On a beaucoup reproché aux grandes entreprises d’être en retard sur la question, pensez-vous que c’est encore le cas aujourd’hui ?

J. Z. : Par rapport aux entreprises, le panorama est assez contrasté. Certaines d’entre elles ont du mal à s’investir dans cette transition qui se traduira par des changements importants du mode de fonctionnement de nos sociétés. D’autres ont compris que cette transition est inéluctable et l’ont inscrite dans leur perspective de développement. Elles se sont mobilisées mais c’est l’ensemble de notre tissu économique qui doit se sentir concerné.

Quelle serait selon vous la ou les mesures les plus efficaces pour ralentir le réchauffement climatique ?

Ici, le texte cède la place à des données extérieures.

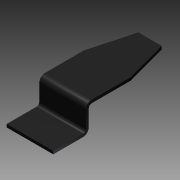
# Autodesk Inventor part: ASAP_Top_Fixture_Handle_New
Saved by Autodesk Inventor 2011 SP2 (Build 150309200, 309)
## iProperties
Created: 2011-11-18
Part Number: ASAP_Top_Fixture_Handle_New
Material: Default
Document SubType Name: Sheet Metal
Designer: sungwook
Density: 1 g/cm^3
Sheet Metal Rule: Default_mm
Author: sungwook
Autodesk Inventor part; units mm, degrees
ref_plane "YZ Plane" through (0, 0, 0) normal (1, 0, 0) x (0, 1, 0)
ref_plane "XZ Plane" through (0, 0, 0) normal (0, 1, 0) x (-1, 0, 0)
ref_plane "XY Plane" through (0, 0, 0) normal (0, 0, 1) x (1, 0, 0)
sketch "Sketch1" plane through (0, 0, 0) normal (0, 0, 1) x (1, 0, 0)
  line L0 (-4, 7.5) -> (4, 7.5)
  line L1 (4, 7.5) -> (4, -7.5)
  line L2 (4, -7.5) -> (-4, -7.5)
  line L3 (-4, -7.5) -> (-4, 7.5)
  line L4 (-2, 7.5) -> (-4, 0.18)
  line L5 (0, -10.5) -> (0, 10.5)
  line L6 (2, 7.5) -> (4, 0.18)
  point P0 (0, 0)
  point P1 (0, 7.5)
  point P2 (-4, 0)
  dimension "d0" = 8
  dimension "d1" = 15
  dimension "d2" = 7.32
  dimension "d3" = 2
  dimension "d4" = 7.32
  dimension "d5" = 4
  measures "d0" distance between parallel lines of L1 L3
  measures "d1" distance between parallel lines of L2 L0
  measures "d2" vertical distance of L4.end L4.start
  measures "d3" distance of point (0, 7.5) L4.start
  measures "d4" vertical distance of L6.end L6.start
  measures "d5" distance of L6.start L4.start
extrude "Plate1" add sketch "Sketch1" along normal blind 0.5 contours L0 L5 L2 L3 L4 | L0 L6 L1 L2 L5
sketch "Sketch2" plane through (-4, -7, 0.5) normal (0, -1, 0) x (1, 0, 0)
  line L0 (8, 0) -> (0, 0)
  line L1 (0, 0) -> (0, -4.8)
  line L2 (0, -4.8) -> (8, -4.8)
  line L3 (8, -4.8) -> (8, 0)
  constraints: 4 end point, 4 other
edge flange "Flange1" height 4.8 angle 90 thickness 0.5 bend radius 0.5 thickness toward (0, -1, 0) relief straight relief width 0.5 relief depth 0.25 edges at (0, -7.5, 0) wall of the first edge with corners at (4, -7, 0.5) (-4, -7, 0.5) (-4, -7, -4.3) (4, -7, -4.3)
bend "Bend1"
corner "Corner1"
sketch "Sketch3" plane through (4, -7, -3.8) normal (0, 0, -1) x (-1, 0, 0)
  line L0 (8, 0) -> (0, 0)
  line L1 (0, 0) -> (0, -6.095)
  line L2 (0, -6.095) -> (8, -6.095)
  line L3 (8, -6.095) -> (8, 0)
  constraints: 4 end point, 4 other
edge flange "Flange2" height 6.095 angle 90 thickness 0.5 bend radius 0.5 thickness toward (0, 0, -1) relief straight relief width 0.5 relief depth 0.25 edges at (0, -7.5, -4.3) wall of the first edge with corners at (-4, -7, -3.8) (4, -7, -3.8) (4, -13.095, -3.8) (-4, -13.095, -3.8)
bend "Bend2"
corner "Corner2"
equation "\"d7\" = BendReliefWidth"
equation "\"d8\" = BendReliefDepth"
equation "\"d9\" = MinimumRemnant"
equation "\"d10\" = BendRadius"
equation "\"d13\" = BendRadius"
equation "\"d14\" = CornerReliefSize"
equation "\"d15\" = GapSize"
equation "\"d16\" = JacobiRadiusSize"
equation "\"d17\" = BendReliefWidth"
equation "\"d18\" = BendReliefDepth"
equation "\"d19\" = MinimumRemnant"
equation "\"d20\" = BendRadius"
equation "\"d23\" = BendRadius"
equation "\"d24\" = CornerReliefSize"
equation "\"d25\" = GapSize"
equation "\"d26\" = JacobiRadiusSize"
equation "\"BendRadius\" = Thickness"
equation "\"BendReliefWidth\" = Thickness"
equation "\"BendReliefDepth\" = 0.5 * Thickness"
equation "\"CornerReliefSize\" = 4 * Thickness"
equation "\"MinimumRemnant\" = 2 * Thickness"
equation "\"TransitionRadius\" = BendRadius"
equation "\"JacobiRadiusSize\" = BendRadius"
equation "\"GapSize\" = Thickness"
equation "\"d6\" = BendRadius"
equation "\"Thickness\" = 0.5"
body "Solid1"
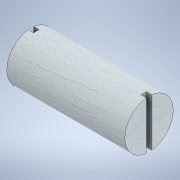
# Autodesk Inventor part: Conveyor Belt Shaft
Saved by Autodesk Inventor 2022.2 (Build 262287000, 287)
## iProperties
Created: 2022-02-21
Part Number: Conveyor Belt Shaft
Material: Stainless Steel AISI 440C, Welded
Document SubType Name: Modeling
Designer: PRASHANTH
Density: 7.8 g/cm^3
Appearance: Wood - Painted White
Author: PRASHANTH
Autodesk Inventor part; units mm, degrees
ref_plane "YZ Plane" through (0, 0, 0) normal (1, 0, 0) x (0, 1, 0)
ref_plane "XZ Plane" through (0, 0, 0) normal (0, 1, 0) x (-1, 0, 0)
ref_plane "XY Plane" through (0, 0, 0) normal (0, 0, 1) x (1, 0, 0)
sketch "Sketch1" plane through (0, 0, 0) normal (1, 0, 0) x (0, 1, 0)
  circle A0 centre (0, 0) radius 22.5
  dimension "d0" = 45
  constraints: 1 centre point, 1 coincident
  measures "d0" diameter of A0
extrude "Extrusion1" add sketch "Sketch1" along normal blind 110
sketch "Sketch2" plane through (110, 0, 0) normal (1, 0, 0) x (0, 0, -1)
  line L0 (2.5, 26.6733) -> (-2.5, 26.6733)
  line L1 (-2.5, 26.6733) -> (-2.5, -26.6733)
  line L2 (-2.5, -26.6733) -> (2.5, -26.6733)
  line L3 (2.5, -26.6733) -> (2.5, 26.6733)
  line L4 (2.5, 26.6733) -> (-2.5, -26.6733) construction
  line L5 (-2.5, 26.6733) -> (2.5, -26.6733) construction
  circle A0 centre (0, 0) radius 2.5
  dimension "d3" = 5
  dimension "d12" = 5
  constraints: 12 end point, 2 midpoint, 2 parallel, 1 centre point, 1 coincident, 1 horizontal, 1 perpendicular
  measures "d3" distance of L0.start L0.end
  measures "d12" diameter of A0
extrude "Extrusion2" cut sketch "Sketch2" against normal blind 5
sketch "Sketch4" plane through (0, 0, 0) normal (-1, 0, 0) x (0, 0, 1)
  line L0 (-2.5, -27.3209) -> (2.5, -27.3209)
  line L1 (2.5, -27.3209) -> (2.5, 27.3209)
  line L2 (2.5, 27.3209) -> (-2.5, 27.3209)
  line L3 (-2.5, 27.3209) -> (-2.5, -27.3209)
  line L4 (-2.5, -27.3209) -> (2.5, 27.3209) construction
  line L5 (2.5, -27.3209) -> (-2.5, 27.3209) construction
  point P0 (0, 0)
  dimension "d9" = 5
  constraints: 12 end point, 2 midpoint, 2 parallel, 1 horizontal, 1 perpendicular
  measures "d9" distance of L2.end L1.end
extrude "Extrusion4" cut sketch "Sketch4" against normal blind 5
sketch "Sketch5" plane through (105, 0, 0) normal (1, 0, 0) x (0, 0, -1)
  circle A0 centre (0, 0) radius 2.5
  dimension "d13" = 5
  constraints: 1 centre point, 1 coincident
  measures "d13" diameter of A0
extrude "Extrusion5" cut sketch "Sketch5" against normal blind 90
body "Solid1"

J. Z. : La production d’une énergie non émettrice de gaz à effet de serre, neutre en carbone, est un objectif clé à horizon 2050 ; mais cela ne sera pas suffisant. Efficacité énergétique mais aussi sobriété doivent être au rendez-vous. Il faut investir de façon massive dans l’isolation des bâtiments, une mobilité plus sobre et une alimentation globalement moins émettrice, aussi bien au niveau de la production agricole que du gaspillage et du régime alimentaire. Dans ces trois domaines, se loger, se déplacer, se nourrir, les propositions de la convention citoyenne pour le climat — que j’évoquerai — sont ambitieuses et pertinentes.